On this journey I'll be visiting some iconic Canadian experiences.
My next journey begins in the most easterly province of Canada, Newfoundland and Labrador.
♪ (and water splashing) ♪ I'm here in Central Newfoundland.
I've come to do some island hopping and to explore traditions that make this place so special.
Today tourism is helping to keep these communities thriving.
Cod fishing used to employ thirty thousand people in rural Newfoundland until 1992 when the Canadian government shut down the fisheries in order for the cod stocks to rebuild.
Today the travel tourism industry is worth a billion dollars.
I'm here on Fogo Island in Newfoundland and Labrador and this tiny fishing community has become very popular, lots of tourists are coming here.
They're coming to see the Fogo Island Inn in the beautiful surroundings around us and the artists' residences.
I'm with Al Dwyer.
He's a local guide here.
Al, tell me about this change here in Fogo Island.
What happened?
Well... Zita Cobb who grew up in Joe Batt's Arm where the Fogo Island Inn is located, grew up in a fishing family and she became a very successful business lady.

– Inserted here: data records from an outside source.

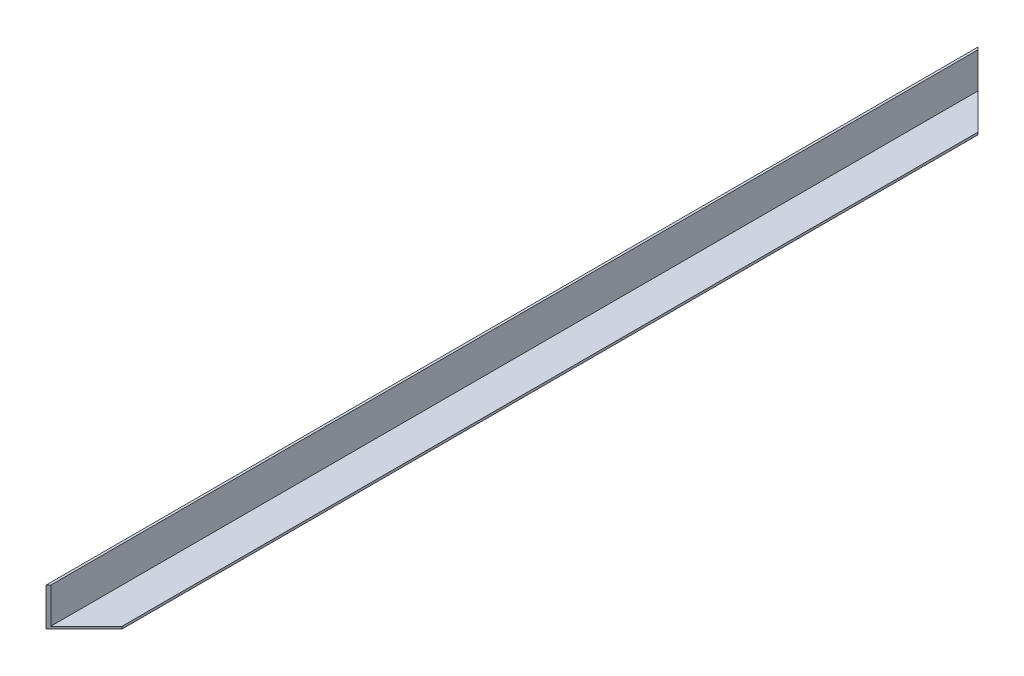
ISO-10303-21;
HEADER;
FILE_DESCRIPTION(('STEP AP214'),'2;1');
FILE_NAME('part.step','',(''),(''),'','','');
FILE_SCHEMA(('AUTOMOTIVE_DESIGN { 1 0 10303 214 1 1 1 1 }'));
ENDSEC;
DATA;
#1=APPLICATION_CONTEXT('core data for automotive mechanical design processes');
#2=APPLICATION_PROTOCOL_DEFINITION('international standard','automotive_design',2000,#1);
#3=PRODUCT_CONTEXT('',#1,'mechanical');
#4=PRODUCT('Part','Part','',(#3));
#5=PRODUCT_RELATED_PRODUCT_CATEGORY('part','',(#4));
#6=PRODUCT_DEFINITION_FORMATION('','',#4);
#7=PRODUCT_DEFINITION_CONTEXT('part definition',#1,'design');
#8=PRODUCT_DEFINITION('design','',#6,#7);
#9=PRODUCT_DEFINITION_SHAPE('','',#8);
#10=(LENGTH_UNIT() NAMED_UNIT(*) SI_UNIT(.MILLI.,.METRE.));
#11=(NAMED_UNIT(*) PLANE_ANGLE_UNIT() SI_UNIT($,.RADIAN.));
#12=(NAMED_UNIT(*) SI_UNIT($,.STERADIAN.) SOLID_ANGLE_UNIT());
#13=UNCERTAINTY_MEASURE_WITH_UNIT(LENGTH_MEASURE(1.E-05),#10,'distance_accuracy_value','');
#14=(GEOMETRIC_REPRESENTATION_CONTEXT(3) GLOBAL_UNCERTAINTY_ASSIGNED_CONTEXT((#13)) GLOBAL_UNIT_ASSIGNED_CONTEXT((#10,
#11,#12)) REPRESENTATION_CONTEXT('',''));
#15=CARTESIAN_POINT('',(0.,0.,0.));
#16=DIRECTION('',(0.,0.,1.));
#17=DIRECTION('',(1.,0.,0.));
#18=AXIS2_PLACEMENT_3D('',#15,#16,#17);
#19=CARTESIAN_POINT('',(0.,-1.,392.));
#20=DIRECTION('',(0.,1.,0.));
#21=DIRECTION('',(0.,0.,1.));
#22=AXIS2_PLACEMENT_3D('',#19,#20,#21);
#23=PLANE('',#22);
#24=DIRECTION('',(0.,0.,-1.));
#25=VECTOR('',#24,1.);
#26=CARTESIAN_POINT('',(-1.,-1.,392.));
#27=LINE('',#26,#25);
#28=CARTESIAN_POINT('',(-1.,-1.,392.));
#29=VERTEX_POINT('',#28);
#30=CARTESIAN_POINT('',(-1.,-1.,0.));
#31=VERTEX_POINT('',#30);
#32=EDGE_CURVE('E104',#29,#31,#27,.T.);
#33=ORIENTED_EDGE('',*,*,#32,.T.);
#34=DIRECTION('',(-0.707106781186547,0.,-0.707106781186548));
#35=VECTOR('',#34,1.);
#36=CARTESIAN_POINT('',(-1.,-1.,0.));
#37=LINE('',#36,#35);
#38=CARTESIAN_POINT('',(15.,-1.,16.));
#39=VERTEX_POINT('',#38);
#40=EDGE_CURVE('E86',#39,#31,#37,.T.);
#41=ORIENTED_EDGE('',*,*,#40,.F.);
#42=DIRECTION('',(0.,0.,-1.));
#43=VECTOR('',#42,1.);
#44=CARTESIAN_POINT('',(15.,-1.,392.));
#45=LINE('',#44,#43);
#46=CARTESIAN_POINT('',(15.,-1.,376.));
#47=VERTEX_POINT('',#46);
#48=EDGE_CURVE('E11',#47,#39,#45,.T.);
#49=ORIENTED_EDGE('',*,*,#48,.F.);
#50=DIRECTION('',(0.707106781186547,0.,-0.707106781186548));
#51=VECTOR('',#50,1.);
#52=CARTESIAN_POINT('',(-1.,-1.,392.));
#53=LINE('',#52,#51);
#54=EDGE_CURVE('E131',#29,#47,#53,.T.);
#55=ORIENTED_EDGE('',*,*,#54,.F.);
#56=EDGE_LOOP('',(#33,#41,#49,#55));
#57=FACE_BOUND('',#56,.T.);
#58=ADVANCED_FACE('F33',(#57),#23,.F.);
#59=CARTESIAN_POINT('',(15.,0.,392.));
#60=DIRECTION('',(1.,0.,0.));
#61=DIRECTION('',(0.,0.,-1.));
#62=AXIS2_PLACEMENT_3D('',#59,#60,#61);
#63=PLANE('',#62);
#64=DIRECTION('',(0.,-1.,0.));
#65=VECTOR('',#64,1.);
#66=CARTESIAN_POINT('',(15.,15.,16.));
#67=LINE('',#66,#65);
#68=CARTESIAN_POINT('',(15.,0.,16.));
#69=VERTEX_POINT('',#68);
#70=EDGE_CURVE('E101',#69,#39,#67,.T.);
#71=ORIENTED_EDGE('',*,*,#70,.F.);
#72=DIRECTION('',(0.,0.,-1.));
#73=VECTOR('',#72,1.);
#74=CARTESIAN_POINT('',(15.,0.,392.));
#75=LINE('',#74,#73);
#76=CARTESIAN_POINT('',(15.,0.,376.));
#77=VERTEX_POINT('',#76);
#78=EDGE_CURVE('E41',#77,#69,#75,.T.);
#79=ORIENTED_EDGE('',*,*,#78,.F.);
#80=DIRECTION('',(0.,-1.,0.));
#81=VECTOR('',#80,1.);
#82=CARTESIAN_POINT('',(15.,15.,376.));
#83=LINE('',#82,#81);
#84=EDGE_CURVE('E123',#77,#47,#83,.T.);
#85=ORIENTED_EDGE('',*,*,#84,.T.);
#86=ORIENTED_EDGE('',*,*,#48,.T.);
#87=EDGE_LOOP('',(#71,#79,#85,#86));
#88=FACE_BOUND('',#87,.T.);
#89=ADVANCED_FACE('F122',(#88),#63,.T.);
#90=CARTESIAN_POINT('',(0.,0.,392.));
#91=DIRECTION('',(0.,1.,0.));
#92=DIRECTION('',(0.,0.,1.));
#93=AXIS2_PLACEMENT_3D('',#90,#91,#92);
#94=PLANE('',#93);
#95=DIRECTION('',(0.707106781186547,0.,0.707106781186548));
#96=VECTOR('',#95,1.);
#97=CARTESIAN_POINT('',(195.5,0.,196.5));
#98=LINE('',#97,#96);
#99=CARTESIAN_POINT('',(0.,0.,1.));
#100=VERTEX_POINT('',#99);
#101=EDGE_CURVE('E118',#100,#69,#98,.T.);
#102=ORIENTED_EDGE('',*,*,#101,.F.);
#103=DIRECTION('',(0.,0.,-1.));
#104=VECTOR('',#103,1.);
#105=CARTESIAN_POINT('',(0.,0.,392.));
#106=LINE('',#105,#104);
#107=CARTESIAN_POINT('',(0.,0.,391.));
#108=VERTEX_POINT('',#107);
#109=EDGE_CURVE('E106',#108,#100,#106,.T.);
#110=ORIENTED_EDGE('',*,*,#109,.F.);
#111=DIRECTION('',(-0.707106781186547,0.,0.707106781186548));
#112=VECTOR('',#111,1.);
#113=CARTESIAN_POINT('',(-0.5,0.,391.5));
#114=LINE('',#113,#112);
#115=EDGE_CURVE('E92',#77,#108,#114,.T.);
#116=ORIENTED_EDGE('',*,*,#115,.F.);
#117=ORIENTED_EDGE('',*,*,#78,.T.);
#118=EDGE_LOOP('',(#102,#110,#116,#117));
#119=FACE_BOUND('',#118,.T.);
#120=ADVANCED_FACE('F116',(#119),#94,.T.);
#121=CARTESIAN_POINT('',(0.,0.,392.));
#122=DIRECTION('',(1.,0.,0.));
#123=DIRECTION('',(0.,0.,-1.));
#124=AXIS2_PLACEMENT_3D('',#121,#122,#123);
#125=PLANE('',#124);
#126=DIRECTION('',(0.,-1.,0.));
#127=VECTOR('',#126,1.);
#128=CARTESIAN_POINT('',(0.,0.,1.));
#129=LINE('',#128,#127);
#130=CARTESIAN_POINT('',(0.,15.,0.999999999999959));
#131=VERTEX_POINT('',#130);
#132=EDGE_CURVE('E125',#131,#100,#129,.T.);
#133=ORIENTED_EDGE('',*,*,#132,.F.);
#134=DIRECTION('',(0.,0.,-1.));
#135=VECTOR('',#134,1.);
#136=CARTESIAN_POINT('',(0.,15.,392.));
#137=LINE('',#136,#135);
#138=CARTESIAN_POINT('',(0.,15.,391.));
#139=VERTEX_POINT('',#138);
#140=EDGE_CURVE('E100',#139,#131,#137,.T.);
#141=ORIENTED_EDGE('',*,*,#140,.F.);
#142=DIRECTION('',(0.,1.,0.));
#143=VECTOR('',#142,1.);
#144=CARTESIAN_POINT('',(0.,0.,391.));
#145=LINE('',#144,#143);
#146=EDGE_CURVE('E135',#108,#139,#145,.T.);
#147=ORIENTED_EDGE('',*,*,#146,.F.);
#148=ORIENTED_EDGE('',*,*,#109,.T.);
#149=EDGE_LOOP('',(#133,#141,#147,#148));
#150=FACE_BOUND('',#149,.T.);
#151=ADVANCED_FACE('F148',(#150),#125,.T.);
#152=CARTESIAN_POINT('',(-1.,15.,392.));
#153=DIRECTION('',(0.,1.,0.));
#154=DIRECTION('',(0.,0.,1.));
#155=AXIS2_PLACEMENT_3D('',#152,#153,#154);
#156=PLANE('',#155);
#157=DIRECTION('',(-0.707106781186547,0.,-0.707106781186548));
#158=VECTOR('',#157,1.);
#159=CARTESIAN_POINT('',(-1.,15.,0.));
#160=LINE('',#159,#158);
#161=CARTESIAN_POINT('',(-1.,15.,0.));
#162=VERTEX_POINT('',#161);
#163=EDGE_CURVE('E83',#131,#162,#160,.T.);
#164=ORIENTED_EDGE('',*,*,#163,.T.);
#165=DIRECTION('',(0.,0.,-1.));
#166=VECTOR('',#165,1.);
#167=CARTESIAN_POINT('',(-1.,15.,392.));
#168=LINE('',#167,#166);
#169=CARTESIAN_POINT('',(-1.,15.,392.));
#170=VERTEX_POINT('',#169);
#171=EDGE_CURVE('E97',#170,#162,#168,.T.);
#172=ORIENTED_EDGE('',*,*,#171,.F.);
#173=DIRECTION('',(0.707106781186547,0.,-0.707106781186548));
#174=VECTOR('',#173,1.);
#175=CARTESIAN_POINT('',(-1.,15.,392.));
#176=LINE('',#175,#174);
#177=EDGE_CURVE('E47',#170,#139,#176,.T.);
#178=ORIENTED_EDGE('',*,*,#177,.T.);
#179=ORIENTED_EDGE('',*,*,#140,.T.);
#180=EDGE_LOOP('',(#164,#172,#178,#179));
#181=FACE_BOUND('',#180,.T.);
#182=ADVANCED_FACE('F96',(#181),#156,.T.);
#183=CARTESIAN_POINT('',(-1.,0.,392.));
#184=DIRECTION('',(1.,0.,0.));
#185=DIRECTION('',(0.,0.,-1.));
#186=AXIS2_PLACEMENT_3D('',#183,#184,#185);
#187=PLANE('',#186);
#188=DIRECTION('',(0.,1.,0.));
#189=VECTOR('',#188,1.);
#190=CARTESIAN_POINT('',(-1.,0.,0.));
#191=LINE('',#190,#189);
#192=EDGE_CURVE('E80',#162,#31,#191,.F.);
#193=ORIENTED_EDGE('',*,*,#192,.T.);
#194=ORIENTED_EDGE('',*,*,#32,.F.);
#195=DIRECTION('',(0.,1.,0.));
#196=VECTOR('',#195,1.);
#197=CARTESIAN_POINT('',(-1.,0.,392.));
#198=LINE('',#197,#196);
#199=EDGE_CURVE('E91',#170,#29,#198,.F.);
#200=ORIENTED_EDGE('',*,*,#199,.F.);
#201=ORIENTED_EDGE('',*,*,#171,.T.);
#202=EDGE_LOOP('',(#193,#194,#200,#201));
#203=FACE_BOUND('',#202,.T.);
#204=ADVANCED_FACE('F103',(#203),#187,.F.);
#205=CARTESIAN_POINT('',(-1.,15.,392.));
#206=DIRECTION('',(-0.707106781186548,0.,-0.707106781186547));
#207=DIRECTION('',(-0.707106781186547,0.,0.707106781186548));
#208=AXIS2_PLACEMENT_3D('',#205,#206,#207);
#209=PLANE('',#208);
#210=ORIENTED_EDGE('',*,*,#115,.T.);
#211=ORIENTED_EDGE('',*,*,#146,.T.);
#212=ORIENTED_EDGE('',*,*,#177,.F.);
#213=ORIENTED_EDGE('',*,*,#199,.T.);
#214=ORIENTED_EDGE('',*,*,#54,.T.);
#215=ORIENTED_EDGE('',*,*,#84,.F.);
#216=EDGE_LOOP('',(#210,#211,#212,#213,#214,#215));
#217=FACE_BOUND('',#216,.T.);
#218=ADVANCED_FACE('F139',(#217),#209,.F.);
#219=CARTESIAN_POINT('',(-1.,15.,0.));
#220=DIRECTION('',(-0.707106781186548,0.,0.707106781186547));
#221=DIRECTION('',(0.707106781186547,0.,0.707106781186548));
#222=AXIS2_PLACEMENT_3D('',#219,#220,#221);
#223=PLANE('',#222);
#224=ORIENTED_EDGE('',*,*,#101,.T.);
#225=ORIENTED_EDGE('',*,*,#70,.T.);
#226=ORIENTED_EDGE('',*,*,#40,.T.);
#227=ORIENTED_EDGE('',*,*,#192,.F.);
#228=ORIENTED_EDGE('',*,*,#163,.F.);
#229=ORIENTED_EDGE('',*,*,#132,.T.);
#230=EDGE_LOOP('',(#224,#225,#226,#227,#228,#229));
#231=FACE_BOUND('',#230,.T.);
#232=ADVANCED_FACE('F82',(#231),#223,.F.);
#233=CLOSED_SHELL('',(#58,#89,#120,#151,#182,#204,#218,#232));
#234=MANIFOLD_SOLID_BREP('B2',#233);
#235=ADVANCED_BREP_SHAPE_REPRESENTATION('',(#18,#234),#14);
#236=SHAPE_DEFINITION_REPRESENTATION(#9,#235);
ENDSEC;
END-ISO-10303-21;

When her stint in business was over, she retired, she came back and decided that she would do something very unusual, something creative and something that we had never seen before and unique to Newfoundland and maybe to the country to a certain extent and that she built a resort, an inn where people from all over the world come and enjoy, very much enjoy what we have.
[Brandy] And artists also come here to go to the residences right?
[Al] That's true.
While they were building the Fogo Island Inn, the Foundation built four artists' studios; one like the one behind us and artists come from all over the world and they spend a certain amount of time there and create.
And usually they give an exhibition of their work.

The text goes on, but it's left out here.